The Code 5 shows the gist of this function. First we compute absolute initial Transform2D of the node and change the state accordingly.
Unfortunatelly, we have to compute the transforms of Anchor and PinJoint2D in the Environment script (Code 6). Probably, one can avoid this cumbersome procedure by reorganizing the tree or accessing the parent nodes from the RigidBody2D itself.
Code 5: Resetting the state of the RigidBody2D
func _integrate_forces(state):
if reset:
var T = Transform2D(0.0, init_anchor)
var Tt = Transform2D(0.0, -init_anchor)
var R = Transform2D(rng.randf_range(-PI, PI), Vector2(0,0))
var v = Transform2D(init_rotation, init_origin)
state.set_transform(T*R*Tt*state.transform)
state.set_angular_velocity(init_angular_velocity)
state.set_linear_velocity(init_linear_velicity)
reset = false
Code 6: Initial positions of the RigidBody2D from Environment node
func _ready():
var v = $Anchor/PinJoint2D/RigidBody2D.transform.get_origin()
var AnchorT = $Anchor.transform
var JointT = $Anchor/PinJoint2D.transform
$Anchor/PinJoint2D/RigidBody2D.init_anchor = AnchorT.xform(JointT.get_origin())
$Anchor/PinJoint2D/RigidBody2D.init_origin = AnchorT.xform(JointT.xform(v))
$Anchor/PinJoint2D/RigidBody2D.init_rotation = 0.0
$Anchor/PinJoint2D/RigidBody2D.init_angular_velocity = 0.0
$Anchor/PinJoint2D/RigidBody2D.init_linear_velicity = Vector2(0.0, 0.0)
Figure 4: Exporting Godot project
Exporting the project
We tested this library using debug exporting templates. Just follow the standard godot export procedure and everything should just work.Code 7 shows how the environment is launched from the python class: we use subprocess package and pass the special handle to the environment so that it can access the shared memory allocated by python. We have to note, that it is important to redirect stdout and stderr streams to files instead of pipes. We found out that using pipes makes semaphores stuck in an impossible combination. To correctly close the environment process upon termination of the python script we use the atexit package to register the close function, that terminates the process. This approach works in case of termination of the python script due to errors as well as manual signals.
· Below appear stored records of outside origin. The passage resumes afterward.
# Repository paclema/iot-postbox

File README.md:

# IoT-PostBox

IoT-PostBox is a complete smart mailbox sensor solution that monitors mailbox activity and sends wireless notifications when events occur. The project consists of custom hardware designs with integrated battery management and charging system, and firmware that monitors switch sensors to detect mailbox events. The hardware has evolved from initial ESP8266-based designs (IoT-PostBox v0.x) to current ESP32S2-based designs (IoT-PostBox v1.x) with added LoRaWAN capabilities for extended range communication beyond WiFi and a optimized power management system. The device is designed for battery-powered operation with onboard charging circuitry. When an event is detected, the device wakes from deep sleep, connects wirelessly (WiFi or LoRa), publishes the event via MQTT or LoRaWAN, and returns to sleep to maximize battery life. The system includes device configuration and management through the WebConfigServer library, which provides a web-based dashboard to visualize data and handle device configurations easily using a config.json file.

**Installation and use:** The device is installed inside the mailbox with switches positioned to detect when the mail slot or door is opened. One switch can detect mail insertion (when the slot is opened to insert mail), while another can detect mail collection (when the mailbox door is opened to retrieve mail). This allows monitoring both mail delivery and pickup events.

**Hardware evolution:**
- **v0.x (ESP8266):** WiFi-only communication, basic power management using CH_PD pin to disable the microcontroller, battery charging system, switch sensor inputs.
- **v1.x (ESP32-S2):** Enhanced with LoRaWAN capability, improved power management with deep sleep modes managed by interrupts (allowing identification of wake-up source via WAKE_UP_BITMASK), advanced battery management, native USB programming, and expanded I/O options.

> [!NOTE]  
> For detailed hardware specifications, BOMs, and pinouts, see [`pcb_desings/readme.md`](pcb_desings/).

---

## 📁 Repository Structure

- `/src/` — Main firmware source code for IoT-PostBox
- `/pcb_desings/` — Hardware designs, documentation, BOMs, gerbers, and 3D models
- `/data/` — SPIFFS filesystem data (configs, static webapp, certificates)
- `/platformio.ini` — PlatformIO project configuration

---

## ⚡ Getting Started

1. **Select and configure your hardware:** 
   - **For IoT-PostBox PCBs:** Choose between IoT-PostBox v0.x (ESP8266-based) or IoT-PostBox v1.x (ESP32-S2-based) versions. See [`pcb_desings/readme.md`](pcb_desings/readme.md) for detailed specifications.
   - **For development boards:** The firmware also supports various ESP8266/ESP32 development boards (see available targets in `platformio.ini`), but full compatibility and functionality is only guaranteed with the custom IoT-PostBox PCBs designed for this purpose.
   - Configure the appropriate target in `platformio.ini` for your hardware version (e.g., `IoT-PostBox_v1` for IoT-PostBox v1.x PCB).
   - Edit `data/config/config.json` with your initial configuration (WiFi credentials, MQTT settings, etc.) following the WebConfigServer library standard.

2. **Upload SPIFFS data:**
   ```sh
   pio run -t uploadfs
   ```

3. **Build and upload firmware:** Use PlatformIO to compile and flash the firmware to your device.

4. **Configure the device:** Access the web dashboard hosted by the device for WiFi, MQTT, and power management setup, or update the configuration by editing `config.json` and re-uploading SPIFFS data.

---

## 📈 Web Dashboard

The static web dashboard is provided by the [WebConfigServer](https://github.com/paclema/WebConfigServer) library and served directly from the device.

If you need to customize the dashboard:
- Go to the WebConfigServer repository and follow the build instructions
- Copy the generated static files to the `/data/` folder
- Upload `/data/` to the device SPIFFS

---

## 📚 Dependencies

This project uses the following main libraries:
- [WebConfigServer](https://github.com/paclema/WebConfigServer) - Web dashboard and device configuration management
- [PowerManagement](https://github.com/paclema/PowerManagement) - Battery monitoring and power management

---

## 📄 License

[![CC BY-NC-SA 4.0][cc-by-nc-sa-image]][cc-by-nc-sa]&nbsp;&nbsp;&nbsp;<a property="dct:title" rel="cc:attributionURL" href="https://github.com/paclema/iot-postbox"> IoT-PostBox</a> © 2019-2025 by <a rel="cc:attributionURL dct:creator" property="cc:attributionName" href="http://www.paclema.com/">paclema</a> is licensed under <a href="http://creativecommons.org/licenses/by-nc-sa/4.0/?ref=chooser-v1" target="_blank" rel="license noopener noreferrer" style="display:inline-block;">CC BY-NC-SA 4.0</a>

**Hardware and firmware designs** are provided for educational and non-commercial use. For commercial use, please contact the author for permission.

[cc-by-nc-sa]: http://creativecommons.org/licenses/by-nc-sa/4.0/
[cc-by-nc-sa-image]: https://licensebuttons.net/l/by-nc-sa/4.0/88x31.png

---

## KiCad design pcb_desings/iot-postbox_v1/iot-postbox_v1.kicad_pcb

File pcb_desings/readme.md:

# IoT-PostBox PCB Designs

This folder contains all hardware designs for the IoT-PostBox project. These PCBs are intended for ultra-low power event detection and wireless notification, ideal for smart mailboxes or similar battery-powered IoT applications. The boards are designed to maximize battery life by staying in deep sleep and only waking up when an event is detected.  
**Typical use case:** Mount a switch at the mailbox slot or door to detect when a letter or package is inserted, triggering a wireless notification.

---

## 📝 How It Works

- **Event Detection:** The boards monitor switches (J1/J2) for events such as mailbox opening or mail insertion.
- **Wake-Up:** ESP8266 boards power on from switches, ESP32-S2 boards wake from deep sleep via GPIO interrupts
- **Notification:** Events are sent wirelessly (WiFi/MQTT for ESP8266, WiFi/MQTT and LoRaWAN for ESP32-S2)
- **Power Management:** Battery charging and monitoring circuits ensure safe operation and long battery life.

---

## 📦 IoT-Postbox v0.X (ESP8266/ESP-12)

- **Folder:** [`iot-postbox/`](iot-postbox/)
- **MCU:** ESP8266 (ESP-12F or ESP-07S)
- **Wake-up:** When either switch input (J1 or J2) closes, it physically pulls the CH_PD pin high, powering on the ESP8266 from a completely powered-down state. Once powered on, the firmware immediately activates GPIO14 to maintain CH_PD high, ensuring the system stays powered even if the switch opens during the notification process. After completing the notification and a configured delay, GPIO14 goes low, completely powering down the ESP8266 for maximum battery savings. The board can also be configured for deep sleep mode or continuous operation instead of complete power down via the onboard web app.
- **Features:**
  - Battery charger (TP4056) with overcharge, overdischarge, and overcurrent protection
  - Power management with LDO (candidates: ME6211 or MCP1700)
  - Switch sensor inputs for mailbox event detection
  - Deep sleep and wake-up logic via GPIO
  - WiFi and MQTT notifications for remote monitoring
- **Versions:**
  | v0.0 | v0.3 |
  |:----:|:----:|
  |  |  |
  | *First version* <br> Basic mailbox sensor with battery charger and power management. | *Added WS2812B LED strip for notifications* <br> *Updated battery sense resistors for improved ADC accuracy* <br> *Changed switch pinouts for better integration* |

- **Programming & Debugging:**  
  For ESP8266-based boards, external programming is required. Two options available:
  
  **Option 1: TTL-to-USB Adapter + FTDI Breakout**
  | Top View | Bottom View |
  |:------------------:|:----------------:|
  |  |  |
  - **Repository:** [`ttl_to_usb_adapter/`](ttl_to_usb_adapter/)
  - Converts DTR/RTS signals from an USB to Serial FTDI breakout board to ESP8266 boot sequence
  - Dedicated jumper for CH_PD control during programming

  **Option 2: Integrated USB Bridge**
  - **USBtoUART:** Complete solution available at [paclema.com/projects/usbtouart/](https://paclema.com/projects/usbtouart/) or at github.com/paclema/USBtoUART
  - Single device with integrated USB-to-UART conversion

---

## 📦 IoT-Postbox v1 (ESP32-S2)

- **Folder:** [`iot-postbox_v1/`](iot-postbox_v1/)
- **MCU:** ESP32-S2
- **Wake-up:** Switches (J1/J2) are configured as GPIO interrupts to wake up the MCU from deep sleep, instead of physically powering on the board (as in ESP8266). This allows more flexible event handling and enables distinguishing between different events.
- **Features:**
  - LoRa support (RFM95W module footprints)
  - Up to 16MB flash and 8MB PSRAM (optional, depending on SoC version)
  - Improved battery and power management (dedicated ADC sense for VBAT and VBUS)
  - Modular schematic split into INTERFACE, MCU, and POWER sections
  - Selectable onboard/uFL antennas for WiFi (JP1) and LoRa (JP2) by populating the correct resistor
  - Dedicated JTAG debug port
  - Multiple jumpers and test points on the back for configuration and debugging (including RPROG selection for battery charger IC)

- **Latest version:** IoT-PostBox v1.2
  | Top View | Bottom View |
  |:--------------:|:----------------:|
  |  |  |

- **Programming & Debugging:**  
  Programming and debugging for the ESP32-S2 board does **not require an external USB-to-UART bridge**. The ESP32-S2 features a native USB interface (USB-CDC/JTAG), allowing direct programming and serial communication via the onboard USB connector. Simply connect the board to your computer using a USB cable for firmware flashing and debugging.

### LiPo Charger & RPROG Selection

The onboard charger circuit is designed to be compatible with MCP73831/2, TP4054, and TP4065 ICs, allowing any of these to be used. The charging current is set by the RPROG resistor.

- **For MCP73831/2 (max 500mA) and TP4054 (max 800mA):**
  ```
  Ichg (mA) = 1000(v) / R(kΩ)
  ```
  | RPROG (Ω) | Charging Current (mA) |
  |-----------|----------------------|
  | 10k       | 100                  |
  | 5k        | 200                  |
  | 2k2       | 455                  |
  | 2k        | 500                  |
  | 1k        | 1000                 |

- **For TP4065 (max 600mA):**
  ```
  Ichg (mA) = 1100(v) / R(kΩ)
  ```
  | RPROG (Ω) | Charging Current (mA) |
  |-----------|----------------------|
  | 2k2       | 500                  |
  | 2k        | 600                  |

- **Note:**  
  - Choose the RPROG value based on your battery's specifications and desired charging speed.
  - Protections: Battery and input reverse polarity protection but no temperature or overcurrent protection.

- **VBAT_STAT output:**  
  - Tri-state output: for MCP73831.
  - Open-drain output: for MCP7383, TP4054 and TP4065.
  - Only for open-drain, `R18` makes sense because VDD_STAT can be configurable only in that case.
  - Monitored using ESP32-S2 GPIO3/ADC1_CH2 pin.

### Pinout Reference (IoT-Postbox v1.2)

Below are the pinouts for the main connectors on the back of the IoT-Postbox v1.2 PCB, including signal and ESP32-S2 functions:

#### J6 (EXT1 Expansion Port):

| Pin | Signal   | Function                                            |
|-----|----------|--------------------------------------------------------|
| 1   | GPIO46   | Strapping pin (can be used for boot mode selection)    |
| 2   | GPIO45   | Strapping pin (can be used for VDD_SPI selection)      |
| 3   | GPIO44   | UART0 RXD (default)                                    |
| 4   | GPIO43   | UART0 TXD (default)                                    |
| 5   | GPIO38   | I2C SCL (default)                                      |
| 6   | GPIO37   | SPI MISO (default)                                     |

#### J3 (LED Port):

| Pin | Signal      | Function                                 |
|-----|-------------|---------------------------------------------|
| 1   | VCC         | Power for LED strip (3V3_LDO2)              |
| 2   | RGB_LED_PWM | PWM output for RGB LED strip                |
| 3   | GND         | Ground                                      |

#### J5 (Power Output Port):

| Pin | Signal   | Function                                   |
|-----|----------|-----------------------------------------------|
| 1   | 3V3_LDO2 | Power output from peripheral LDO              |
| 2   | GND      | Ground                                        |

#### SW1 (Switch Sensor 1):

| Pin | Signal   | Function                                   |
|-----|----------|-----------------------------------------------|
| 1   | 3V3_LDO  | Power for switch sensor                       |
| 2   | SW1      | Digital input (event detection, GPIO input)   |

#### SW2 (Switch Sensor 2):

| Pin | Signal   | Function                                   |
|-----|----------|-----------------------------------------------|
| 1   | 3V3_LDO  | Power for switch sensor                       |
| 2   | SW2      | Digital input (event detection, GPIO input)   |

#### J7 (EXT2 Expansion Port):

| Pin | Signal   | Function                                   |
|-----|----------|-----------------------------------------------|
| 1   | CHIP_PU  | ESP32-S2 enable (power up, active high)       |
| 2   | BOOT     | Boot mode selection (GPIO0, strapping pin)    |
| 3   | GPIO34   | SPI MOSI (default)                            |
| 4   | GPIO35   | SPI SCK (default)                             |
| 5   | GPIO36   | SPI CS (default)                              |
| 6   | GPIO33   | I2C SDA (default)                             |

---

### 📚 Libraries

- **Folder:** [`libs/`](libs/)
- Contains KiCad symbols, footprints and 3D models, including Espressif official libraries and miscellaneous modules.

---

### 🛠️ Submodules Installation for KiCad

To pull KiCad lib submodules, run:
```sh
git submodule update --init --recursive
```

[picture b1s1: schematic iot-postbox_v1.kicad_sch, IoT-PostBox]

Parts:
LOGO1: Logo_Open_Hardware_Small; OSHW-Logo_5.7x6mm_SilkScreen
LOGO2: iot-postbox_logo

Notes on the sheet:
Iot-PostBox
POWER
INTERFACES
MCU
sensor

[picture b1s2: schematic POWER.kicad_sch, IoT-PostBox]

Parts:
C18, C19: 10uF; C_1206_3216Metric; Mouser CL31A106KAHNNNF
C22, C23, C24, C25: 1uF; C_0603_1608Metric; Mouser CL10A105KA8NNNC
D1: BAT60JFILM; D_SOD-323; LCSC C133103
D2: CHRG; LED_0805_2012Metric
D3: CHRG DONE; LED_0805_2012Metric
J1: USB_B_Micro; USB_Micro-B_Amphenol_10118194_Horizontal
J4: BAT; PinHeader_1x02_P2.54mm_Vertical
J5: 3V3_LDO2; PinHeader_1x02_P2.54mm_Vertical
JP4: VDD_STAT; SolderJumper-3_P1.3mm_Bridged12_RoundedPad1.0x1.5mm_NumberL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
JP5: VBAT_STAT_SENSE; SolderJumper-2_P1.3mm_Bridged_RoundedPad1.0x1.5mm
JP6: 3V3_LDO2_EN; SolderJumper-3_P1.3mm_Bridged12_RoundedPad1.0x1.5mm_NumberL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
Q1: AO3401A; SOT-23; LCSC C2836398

Code 7: Launching the exported environment
class DummyEnvLaunch(gym.Env):
def __init__(self, exec_path, env_path):
with open("stdout.txt","wb") as out, open("stderr.txt","wb") as err:
self.process = subprocess.Popen([exec_path, "--path",
os.path.abspath(env_path),
"--handle", self.handle], stdout=out, stderr=err)
atexit.register(self.close)
def close(self):
self.process.terminate()
Conclusion
In this tutorial we showed the first step to make your own environment in Godot Engine and use it from python script. Right now the godot environment runs in the real time. In the next tutorial we will show how to speed it up. The fully functional code for this tutorial can be found here:Tutorials
The Godot project is located in the directory InvPendulum and the python Gym class is in the file InvPendulum.py.